Source records
[Start of Attachment]

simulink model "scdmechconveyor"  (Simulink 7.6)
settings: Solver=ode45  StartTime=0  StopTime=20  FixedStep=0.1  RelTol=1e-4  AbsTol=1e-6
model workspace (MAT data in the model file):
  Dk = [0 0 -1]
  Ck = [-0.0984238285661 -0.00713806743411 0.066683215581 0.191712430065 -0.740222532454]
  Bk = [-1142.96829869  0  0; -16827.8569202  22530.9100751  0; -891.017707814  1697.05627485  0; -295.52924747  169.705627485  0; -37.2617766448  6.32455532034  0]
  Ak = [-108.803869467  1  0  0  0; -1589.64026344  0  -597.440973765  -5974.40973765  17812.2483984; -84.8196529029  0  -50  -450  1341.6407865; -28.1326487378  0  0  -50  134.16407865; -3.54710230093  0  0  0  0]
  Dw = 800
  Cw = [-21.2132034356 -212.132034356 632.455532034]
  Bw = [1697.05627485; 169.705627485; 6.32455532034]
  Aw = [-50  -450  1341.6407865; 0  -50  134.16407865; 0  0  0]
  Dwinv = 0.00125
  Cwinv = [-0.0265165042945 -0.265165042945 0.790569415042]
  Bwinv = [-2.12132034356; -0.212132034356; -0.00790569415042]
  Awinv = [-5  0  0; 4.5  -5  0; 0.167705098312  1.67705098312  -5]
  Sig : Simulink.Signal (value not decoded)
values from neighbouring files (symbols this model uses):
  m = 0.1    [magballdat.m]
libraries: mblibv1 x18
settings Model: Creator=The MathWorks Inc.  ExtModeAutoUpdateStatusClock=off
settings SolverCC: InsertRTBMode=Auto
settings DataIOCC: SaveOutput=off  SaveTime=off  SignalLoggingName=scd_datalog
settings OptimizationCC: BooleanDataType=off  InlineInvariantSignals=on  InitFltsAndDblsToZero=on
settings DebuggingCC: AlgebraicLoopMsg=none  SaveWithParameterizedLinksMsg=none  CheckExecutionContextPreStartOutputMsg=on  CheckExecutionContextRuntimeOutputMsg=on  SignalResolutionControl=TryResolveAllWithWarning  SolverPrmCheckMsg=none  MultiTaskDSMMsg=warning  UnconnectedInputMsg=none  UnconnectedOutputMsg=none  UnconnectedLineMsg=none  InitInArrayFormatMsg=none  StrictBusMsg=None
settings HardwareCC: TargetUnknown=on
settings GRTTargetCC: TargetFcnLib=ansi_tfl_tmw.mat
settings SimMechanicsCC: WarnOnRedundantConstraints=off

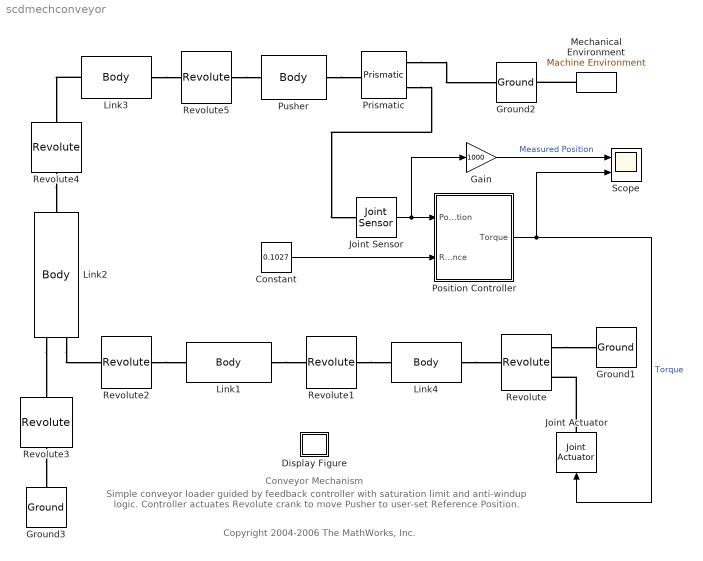
== system scdmechconveyor ==
  note: Conveyor Mechanism
  note: Simple conveyor loader guided by feedback controller with saturation limit
      | and anti-windup logic. Controller actuates Revolute crank to move Pusher
      | to user-set Reference Position.
  note: Copyright 2004-2006 The MathWorks, Inc.
  Constant : Constant  Value=0.1027
  Display Figure : Subsystem  Tag=Help  Description="Help callback for conveyor model: mech_conveyor.  Opens Help browser to Type 19 marker at documentation for this tutorial model."
      settings: OpenFcn=pmhelpview([docroot '/toolbox/physmod/mech/mech.map'], 'mech_conveyor_help');
      mask Type: Help callback
      mask Display: image(imread('info.bmp'))
  Gain : Gain  Gain=1000  SaturateOnIntegerOverflow=on  OutDataTypeStr=Inherit: Same as input  ParamDataTypeStr=Inherit: Same as input
  Ground1 : mblibv1/Bodies/Ground  DialogController=MECH.DynMechDlgSource  SystemSampleTime=-1  UpdateFromCAD=off  LeftPortType=env  RightPortType=workingframe  PhysicalDomain=Mechanical  DialogClass=GroundBlock  CoordPosition=[0.280 0.210 0]  CoordPositionUnits=m  StateVectorMgrId=-1  MachineId=[0 0]  ShowEnvPort=off
  Ground2 : mblibv1/Bodies/Ground  DialogController=MECH.DynMechDlgSource  SystemSampleTime=-1  UpdateFromCAD=off  LeftPortType=env  RightPortType=workingframe  PhysicalDomain=Mechanical  DialogClass=GroundBlock  CoordPosition=[0.412 0.5 0]  CoordPositionUnits=m  StateVectorMgrId=-1  MachineId=[0 0]  ShowEnvPort=on
  Ground3 : mblibv1/Bodies/Ground  DialogController=MECH.DynMechDlgSource  SystemSampleTime=-1  UpdateFromCAD=off  LeftPortType=env  RightPortType=workingframe  PhysicalDomain=Mechanical  DialogClass=GroundBlock  CoordPosition=[0.08 0.11 0]  CoordPositionUnits=m  StateVectorMgrId=-1  MachineId=[0 0]  ShowEnvPort=off
  Joint Actuator : mblibv1/Sensors &  Actuators/Joint Actuator  DialogController=MECH.DynMechDlgSource  SystemSampleTime=-1  UpdateFromCAD=off  PhysicalDomain=Mechanical  PortType=blob  ActuationStyle=Force  AngleUnits=rad  ArcVelocityUnits=rad/s  ArcAccelerationUnits=rad/s^2  CoordPositionUnits=m  VelocityUnits=m/s  AccelerationUnits=m/s^2  ForceUnits=N  TorqueUnits=N-m  ActiveIO=on  Width=1  DialogClass=MechanicalActuatorBlock  Primitive=R1  ReferenceFrame=Absolute (INERTIAL)
  Joint Sensor : mblibv1/Sensors &  Actuators/Joint Sensor  DialogController=MECH.DynMechDlgSource  SystemSampleTime=-1  UpdateFromCAD=off  PhysicalDomain=Mechanical  PortType=blob  Muxed=on  Pose=off  Angle=on  AngleUnits=deg  ArcVelocity=off  ArcVelocityUnits=deg/s  ArcAcceleration=off  ArcAccelerationUnits=deg/s^2  CoordPosition=on  CoordPositionUnits=m  Velocity=off  VelocityUnits=m/s  Acceleration=off  AccelerationUnits=m/s^2  Quaternion=on  QuaternionDT=off  QuaternionDDT=off  QuaternionUnits=off  OutputVector=[ 1 ]  ActiveIO=on  Width=1  DialogClass=MechanicalSensorBlock  Primitive=P1  Force=off  ForceUnits=N  Torque=off  TorqueUnits=N-m  ReferenceFrame=Absolute (INERTIAL)  ReactionSensedSide=Base  ReactionReferenceFrame=Absolute (World)  ReactionForce=off  ReactionForceUnits=N  ReactionMoment=off  ReactionMomentUnits=N-m
  Link1 : mblibv1/Bodies/Body  DialogController=MECH.DynMechDlgSource  PhysicalDomain=mechanical  SubClassName=Unknown  LeftPortType=workingframe  RightPortType=workingframe  LConnTagsString=CS1  RConnTagsString=CS2  UpdateFromCAD=off  DialogClass=MechanicalBodyBlock  Mass=0.98785  MassUnits=kg  InertiaUnits=kg*m^2  Inertia=[7.6414e-005 -9.2222e-005 1.8971e-009;-9.2222e-005 0.0083286 -2.5235e-010;1.8971e-009 -2.5235e-010 0.0083397]  Shape=Cylinder  ShapeDims=[1 1]  ShapeUnits=m  ShapeUse=false  Density=1  DensityUnits=kg/m^3  DensityUse=false  GraphicsMode=1  BodyColorSelMode=MACHINE_DEFAULT  BodyColor=[0.5 0.5 0.5]  AttachedToCS=1  CG=Left$CG$[0.110 0.247 0]$WORLD$WORLD$m$[0 0 -4.22]$Euler X-Y-Z$deg$WORLD$false  WorkingFrames=Left$CS1$[0.265 0.236 0]$WORLD$WORLD$m$[0 0 0]$Euler X-Y-Z$deg$WORLD$true#Right$CS2$[-0.299 0.022 0]$WORLD$CS1$m$[0 0 0]$Euler X-Y-Z$deg$WORLD$true  CGPos=[0.110 0.247 0]  CGRot=[0 0 -4.22]  CS0Pos=[]  CS0Rot=[]  CS1Pos=[0.265 0.236 0]  CS1Rot=[0 0 0]  CS2Pos=[-0.299 0.022 0]  CS2Rot=[0 0 0]  CS3Pos=[]  CS3Rot=[]  CS4Pos=[]  CS4Rot=[]  CS5Pos=[]  CS5Rot=[]  CS6Pos=[]  CS6Rot=[]  CS7Pos=[]  CS7Rot=[]  CS8Pos=[]  CS8Rot=[]  CS9Pos=[]  CS9Rot=[]  CS10Pos=[]  CS10Rot=[]  CS11Pos=[]  CS11Rot=[]  CS12Pos=[]  CS12Rot=[]  CS13Pos=[]  CS13Rot=[]  CS14Pos=[]  CS14Rot=[]  CS15Pos=[]  CS15Rot=[]  CS16Pos=[]  CS16Rot=[]  CS17Pos=[]  CS17Rot=[]  CS18Pos=[]  CS18Rot=[]  CS19Pos=[]  CS19Rot=[]  CS20Pos=[]  CS20Rot=[]
  Link2 : mblibv1/Bodies/Body  DialogController=MECH.DynMechDlgSource  PhysicalDomain=mechanical  SubClassName=Unknown  LeftPortType=workingframe  RightPortType=workingframe  LConnTagsString=CS1|CS2  RConnTagsString=CS3  UpdateFromCAD=off  DialogClass=MechanicalBodyBlock  Mass=2.7433  MassUnits=kg  InertiaUnits=kg*m^2  Inertia=[0.0044915 2.9472e-005 1.0996e-007;2.9472e-005 0.089001 -4.3534e-007;1.0996e-007 -4.3534e-007 0.093312]  Shape=Cylinder  ShapeDims=[1 1]  ShapeUnits=m  ShapeUse=false  Density=1  DensityUnits=kg/m^3  DensityUse=false  GraphicsMode=1  BodyColorSelMode=MACHINE_DEFAULT  BodyColor=[0.5 0.5 0.5]  AttachedToCS=1  CG=Left$CG$[-0.030 0.402 0]$WORLD$WORLD$m$[0 0 95.31]$Euler X-Y-Z$deg$WORLD$false  WorkingFrames=Left$CS1$[0.08 0.11 0]$WORLD$WORLD$m$[0 0 0]$Euler X-Y-Z$deg$WORLD$true#Left$CS2$[-0.114 0.148 0]$WORLD$CS1$m$[0 0 0]$Euler X-Y-Z$deg$WORLD$true#Right$CS3$[0.059 0.449 0]$WORLD$CS2$m$[0 0 0]$Euler X-Y-Z$deg$WORLD$true  CGPos=[-0.030 0.402 0]  CGRot=[0 0 95.31]  CS0Pos=[]  CS0Rot=[]  CS1Pos=[0.08 0.11 0]  CS1Rot=[0 0 0]  CS2Pos=[-0.114 0.148 0]  CS2Rot=[0 0 0]  CS3Pos=[0.059 0.449 0]  CS3Rot=[0 0 0]  CS4Pos=[]  CS4Rot=[]  CS5Pos=[]  CS5Rot=[]  CS6Pos=[]  CS6Rot=[]  CS7Pos=[]  CS7Rot=[]  CS8Pos=[]  CS8Rot=[]  CS9Pos=[]  CS9Rot=[]  CS10Pos=[]  CS10Rot=[]  CS11Pos=[]  CS11Rot=[]  CS12Pos=[]  CS12Rot=[]  CS13Pos=[]  CS13Rot=[]  CS14Pos=[]  CS14Rot=[]  CS15Pos=[]  CS15Rot=[]  CS16Pos=[]  CS16Rot=[]  CS17Pos=[]  CS17Rot=[]  CS18Pos=[]  CS18Rot=[]  CS19Pos=[]  CS19Rot=[]  CS20Pos=[]  CS20Rot=[]
  Link3 : mblibv1/Bodies/Body  DialogController=MECH.DynMechDlgSource  PhysicalDomain=mechanical  SubClassName=Unknown  LeftPortType=workingframe  RightPortType=workingframe  LConnTagsString=CS1  RConnTagsString=CS2  UpdateFromCAD=off  DialogClass=MechanicalBodyBlock  Mass=1.2355  MassUnits=kg  InertiaUnits=kg*m^2  Inertia=[8.2129e-005 1.8216e-005 -3.7069e-010;1.8216e-005 0.017391 -2.6914e-011;-3.7069e-010 -2.6914e-011 0.017392]  Shape=Cylinder  ShapeDims=[1 1]  ShapeUnits=m  ShapeUse=false  Density=1  DensityUnits=kg/m^3  DensityUse=false  GraphicsMode=1  BodyColorSelMode=MACHINE_DEFAULT  BodyColor=[0.5 0.5 0.5]  AttachedToCS=1  CG=Left$CG$[0.194 0.604 0.01]$WORLD$WORLD$m$[90 -31.24 0]$Euler X-Y-Z$deg$WORLD$false  WorkingFrames=Left$CS1$[0.025 0.707 0]$WORLD$WORLD$m$[0 0 0]$Euler X-Y-Z$deg$WORLD$true#Right$CS2$[0.342 -0.207 0]$WORLD$CS1$m$[0 0 0]$Euler X-Y-Z$deg$WORLD$true  CGPos=[0.194 0.604 0.01]  CGRot=[90 -31.24 0]  CS0Pos=[]  CS0Rot=[]  CS1Pos=[0.025 0.707 0]  CS1Rot=[0 0 0]  CS2Pos=[0.342 -0.207 0]  CS2Rot=[0 0 0]  CS3Pos=[]  CS3Rot=[]  CS4Pos=[]  CS4Rot=[]  CS5Pos=[]  CS5Rot=[]  CS6Pos=[]  CS6Rot=[]  CS7Pos=[]  CS7Rot=[]  CS8Pos=[]  CS8Rot=[]  CS9Pos=[]  CS9Rot=[]  CS10Pos=[]  CS10Rot=[]  CS11Pos=[]  CS11Rot=[]  CS12Pos=[]  CS12Rot=[]  CS13Pos=[]  CS13Rot=[]  CS14Pos=[]  CS14Rot=[]  CS15Pos=[]  CS15Rot=[]  CS16Pos=[]  CS16Rot=[]  CS17Pos=[]  CS17Rot=[]  CS18Pos=[]  CS18Rot=[]  CS19Pos=[]  CS19Rot=[]  CS20Pos=[]  CS20Rot=[]
  Link4 : mblibv1/Bodies/Body  DialogController=MECH.DynMechDlgSource  PhysicalDomain=mechanical  SubClassName=Unknown  LeftPortType=workingframe  RightPortType=workingframe  LConnTagsString=CS1  RConnTagsString=CS2  UpdateFromCAD=off  DialogClass=MechanicalBodyBlock  Mass=0.057538  MassUnits=kg  InertiaUnits=kg*m^2  Inertia=[1.0148e-005 0 0;0 2.5218e-006 0;0 0 1.1711e-005]  Shape=Cylinder  ShapeDims=[1 1]  ShapeUnits=m  ShapeUse=false  Density=1  DensityUnits=kg/m^3  DensityUse=false  GraphicsMode=1  BodyColorSelMode=MACHINE_DEFAULT  BodyColor=[0.5 0.5 0.5]  AttachedToCS=1  CG=Left$CG$[0.272 0.223 0.01]$WORLD$WORLD$m$[0 0 30]$Euler X-Y-Z$deg$WORLD$false  WorkingFrames=Left$CS1$[0.280 0.210 0]$WORLD$WORLD$m$[0 0 0]$Euler X-Y-Z$deg$WORLD$true#Right$CS2$[-0.015 0.026 0]$CS1$CS1$m$[0 0 0]$Euler X-Y-Z$deg$WORLD$true  CGPos=[0.272 0.223 0.01]  CGRot=[0 0 30]  CS0Pos=[]  CS0Rot=[]  CS1Pos=[0.280 0.210 0]  CS1Rot=[0 0 0]  CS2Pos=[-0.015 0.026 0]  CS2Rot=[0 0 0]  CS3Pos=[]  CS3Rot=[]  CS4Pos=[]  CS4Rot=[]  CS5Pos=[]  CS5Rot=[]  CS6Pos=[]  CS6Rot=[]  CS7Pos=[]  CS7Rot=[]  CS8Pos=[]  CS8Rot=[]  CS9Pos=[]  CS9Rot=[]  CS10Pos=[]  CS10Rot=[]  CS11Pos=[]  CS11Rot=[]  CS12Pos=[]  CS12Rot=[]  CS13Pos=[]  CS13Rot=[]  CS14Pos=[]  CS14Rot=[]  CS15Pos=[]  CS15Rot=[]  CS16Pos=[]  CS16Rot=[]  CS17Pos=[]  CS17Rot=[]  CS18Pos=[]  CS18Rot=[]  CS19Pos=[]  CS19Rot=[]  CS20Pos=[]  CS20Rot=[]
  Mechanical Environment : mblibv1/Bodies/Machine Environment  Tag=Factory ground  DialogController=MECH.DialogSource  SystemSampleTime=-1  PortType=env  PhysicalDomain=Mechanical  DialogTemplateClass=MECH.MachineEnvironment  SyncWhenCopied=off  Gravity=[0 -9.81 0]  GravityUnits=m/s^2  GravityAsSignal=off  Dimensionality=3D Only  AnalysisType=Forward dynamics  LinearAssemblyTolerance=1e-3  LinearAssemblyToleranceUnits=m  AngularAssemblyTolerance=1e-3  AngularAssemblyToleranceUnits=rad  ConstraintSolverType=Stabilizing  ConstraintRelTolerance=1e-4  ConstraintAbsTolerance=1e-4  UseRobustSingularityHandling=off  RedundancyAnalysisToleranceType=Automatically select tolerance  RedundancyAnalysisTolerance=1e-14  StatePerturbationType=Adaptive  PerturbationSize=1e-3  VisualizeMachine=off  BodyVisualizationType=Use model default body geometries  BodyColorSelMode=Use model default  DefaultBodyColor=[1 0 0]
  Position Controller : Subsystem
  Prismatic : mblibv1/Joints/Prismatic  DialogController=MECH.DynMechDlgSource  PhysicalDomain=mechanical  SubClassName=Unknown  LeftPortType=blob  RightPortType=blob  LConnTagsString=__newl0|SA1  RConnTagsString=__newr0  UpdateFromCAD=off  NumSAPorts=1  CutJoint=off  MarkAsCut=off  Primitives=prismatic  PrimitiveProps=P1$WORLD$[1 0 0]$prismatic  DialogClass=JointBlock  P1Axis=[1 0 0]
  Pusher : mblibv1/Bodies/Body  DialogController=MECH.DynMechDlgSource  PhysicalDomain=mechanical  SubClassName=Unknown  LeftPortType=workingframe  RightPortType=workingframe  LConnTagsString=CS1  RConnTagsString=CS2  UpdateFromCAD=off  DialogClass=MechanicalBodyBlock  Mass=1.8547  MassUnits=kg  InertiaUnits=kg*m^2  Inertia=[0.0025031 -1.671e-006 5.5014e-006;-1.671e-006 0.0016406 -1.8596e-007;5.5014e-006 -1.8596e-007 0.0011862]  Shape=Cylinder  ShapeDims=[1 1]  ShapeUnits=m  ShapeUse=false  Density=1  DensityUnits=kg/m^3  DensityUse=false  GraphicsMode=1  BodyColorSelMode=MACHINE_DEFAULT  BodyColor=[0.5 0.5 0.5]  AttachedToCS=1  CG=Left$CG$[0.396 0.499 0]$WORLD$WORLD$m$[0 0 0]$Euler X-Y-Z$deg$WORLD$false  WorkingFrames=Left$CS1$[0.367 0.5 0]$WORLD$WORLD$m$[0 0 0]$Euler X-Y-Z$deg$WORLD$true#Right$CS2$[0.045 0 0]$WORLD$CS1$m$[0 0 0]$Euler X-Y-Z$deg$WORLD$true  CGPos=[0.396 0.499 0]  CGRot=[0 0 0]  CS0Pos=[]  CS0Rot=[]  CS1Pos=[0.367 0.5 0]  CS1Rot=[0 0 0]  CS2Pos=[0.045 0 0]  CS2Rot=[0 0 0]  CS3Pos=[]  CS3Rot=[]  CS4Pos=[]  CS4Rot=[]  CS5Pos=[]  CS5Rot=[]  CS6Pos=[]  CS6Rot=[]  CS7Pos=[]  CS7Rot=[]  CS8Pos=[]  CS8Rot=[]  CS9Pos=[]  CS9Rot=[]  CS10Pos=[]  CS10Rot=[]  CS11Pos=[]  CS11Rot=[]  CS12Pos=[]  CS12Rot=[]  CS13Pos=[]  CS13Rot=[]  CS14Pos=[]  CS14Rot=[]  CS15Pos=[]  CS15Rot=[]  CS16Pos=[]  CS16Rot=[]  CS17Pos=[]  CS17Rot=[]  CS18Pos=[]  CS18Rot=[]  CS19Pos=[]  CS19Rot=[]  CS20Pos=[]  CS20Rot=[]
  Revolute : mblibv1/Joints/Revolute  DialogController=MECH.DynMechDlgSource  PhysicalDomain=mechanical  SubClassName=Unknown  LeftPortType=blob  RightPortType=blob  LConnTagsString=__newl0|SA1  RConnTagsString=__newr0  UpdateFromCAD=off  NumSAPorts=1  CutJoint=off  MarkAsCut=off  Primitives=revolute  PrimitiveProps=R1$WORLD$[0 0 1]$revolute  DialogClass=JointBlock  R1Axis=[0 0 1]
  Revolute1 : mblibv1/Joints/Revolute  DialogController=MECH.DynMechDlgSource  PhysicalDomain=mechanical  SubClassName=Unknown  LeftPortType=blob  RightPortType=blob  LConnTagsString=__newl0  RConnTagsString=__newr0  UpdateFromCAD=off  NumSAPorts=0  CutJoint=off  MarkAsCut=off  Primitives=revolute  PrimitiveProps=R1$WORLD$[0 0 1]$revolute  DialogClass=JointBlock  R1Axis=[0 0 1]
  Revolute2 : mblibv1/Joints/Revolute  DialogController=MECH.DynMechDlgSource  PhysicalDomain=mechanical  SubClassName=Unknown  LeftPortType=blob  RightPortType=blob  LConnTagsString=__newl0  RConnTagsString=__newr0  UpdateFromCAD=off  NumSAPorts=0  CutJoint=on  MarkAsCut=off  Primitives=revolute  PrimitiveProps=R1$WORLD$[0 0 1]$revolute  DialogClass=JointBlock  R1Axis=[0 0 1]
  Revolute3 : mblibv1/Joints/Revolute  DialogController=MECH.DynMechDlgSource  PhysicalDomain=mechanical  SubClassName=Unknown  LeftPortType=blob  RightPortType=blob  LConnTagsString=__newl0  RConnTagsString=__newr0  UpdateFromCAD=off  NumSAPorts=0  CutJoint=off  MarkAsCut=off  Primitives=revolute  PrimitiveProps=R1$WORLD$[0 0 1]$revolute  DialogClass=JointBlock  R1Axis=[0 0 1]
  Revolute4 : mblibv1/Joints/Revolute  DialogController=MECH.DynMechDlgSource  PhysicalDomain=mechanical  SubClassName=Unknown  LeftPortType=blob  RightPortType=blob  LConnTagsString=__newl0  RConnTagsString=__newr0  UpdateFromCAD=off  NumSAPorts=0  CutJoint=on  MarkAsCut=off  Primitives=revolute  PrimitiveProps=R1$WORLD$[0 0 1]$revolute  DialogClass=JointBlock  R1Axis=[0 0 1]
  Revolute5 : mblibv1/Joints/Revolute  DialogController=MECH.DynMechDlgSource  PhysicalDomain=mechanical  SubClassName=Unknown  LeftPortType=blob  RightPortType=blob  LConnTagsString=__newl0  RConnTagsString=__newr0  UpdateFromCAD=off  NumSAPorts=0  CutJoint=off  MarkAsCut=off  Primitives=revolute  PrimitiveProps=R1$WORLD$[0 0 1]$revolute  DialogClass=JointBlock  R1Axis=[0 0 1]
  Scope : Scope  NumInputPorts=2
      settings: TimeRange=20  YMin=0~-5  YMax=110~0.5
  wires:
  Joint Sensor/1 -> Position Controller/1(Position), Gain/1
  Constant/1 -> Position Controller/2(Reference)
  Position Controller/1(Torque) -> Joint Actuator/1, Scope/2  "Torque"
  Gain/1 -> Scope/1  "Measured Position"
  connections:
  Link2/LConn1 -- Revolute3/RConn1
  Revolute3/LConn1 -- Ground3/RConn1
  Revolute4/LConn1 -- Link2/RConn1
  Link2/LConn2 -- Revolute2/RConn1
  Link3/LConn1 -- Revolute4/RConn1
  Link3/RConn1 -- Revolute5/LConn1
  Revolute5/RConn1 -- Pusher/LConn1
  Revolute2/LConn1 -- Link1/RConn1
  Link1/LConn1 -- Revolute1/RConn1
  Revolute1/LConn1 -- Link4/RConn1
  Link4/LConn1 -- Revolute/RConn1
  Revolute/LConn1 -- Ground1/RConn1
  Prismatic/LConn2 -- Joint Sensor/LConn1
  Joint Actuator/RConn1 -- Revolute/LConn2
  Prismatic/LConn1 -- Ground2/RConn1
  Pusher/RConn1 -- Prismatic/RConn1
  Mechanical Environment/RConn1 -- Ground2/LConn1

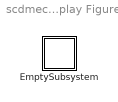
== system scdmechconveyor/Display Figure ==
  EmptySubsystem : Subsystem

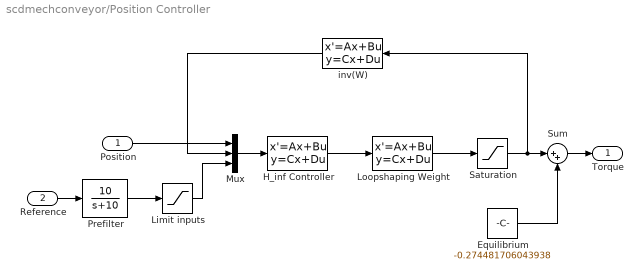
== system scdmechconveyor/Position Controller ==
  Position : Inport
  Reference : Inport  Port=2
  Equilibrium : Constant  Value=-0.274481706043938
  H_inf Controller : StateSpace  A=Ak  B=Bk  C=Ck  D=Dk
  Limit inputs : Saturate  UpperLimit=0.2  LowerLimit=0
  Loopshaping Weight : StateSpace  A=Aw  B=Bw  C=Cw  D=Dw
  Mux : Mux  Inputs=3
  Prefilter : TransferFcn  Numerator=[10]  Denominator=[1 10]
  Saturation : Saturate  UpperLimit=5  LowerLimit=-5+0.7647
  Sum : Sum  Inputs=|++  SaturateOnIntegerOverflow=on  InputSameDT=on  OutDataTypeStr=Inherit: Same as first input
  inv(W) : StateSpace  A=Awinv  B=Bwinv  C=Cwinv  D=Dwinv
  Torque : Outport
  wires:
  H_inf Controller/1 -> Loopshaping Weight/1
  Mux/1 -> H_inf Controller/1
  Position/1 -> Mux/1
  Limit inputs/1 -> Mux/3
  inv(W)/1 -> Mux/2
  Loopshaping Weight/1 -> Saturation/1
  Saturation/1 -> Sum/1, inv(W)/1
  Sum/1 -> Torque/1
  Equilibrium/1 -> Sum/2
  Prefilter/1 -> Limit inputs/1
  Reference/1 -> Prefilter/1

== system scdmechconveyor/Display Figure/EmptySubsystem ==

[End of Attachment]

[Directions]:
Going through the entries, return every line holding the word "Display".

[Response]:
  Display Figure : Subsystem  Tag=Help  Description="Help callback for conveyor model: mech_conveyor.  Opens Help browser to Type 19 marker at documentation for this tutorial model."
      mask Display: image(imread('info.bmp'))
== system scdmechconveyor/Display Figure ==
== system scdmechconveyor/Display Figure/EmptySubsystem ==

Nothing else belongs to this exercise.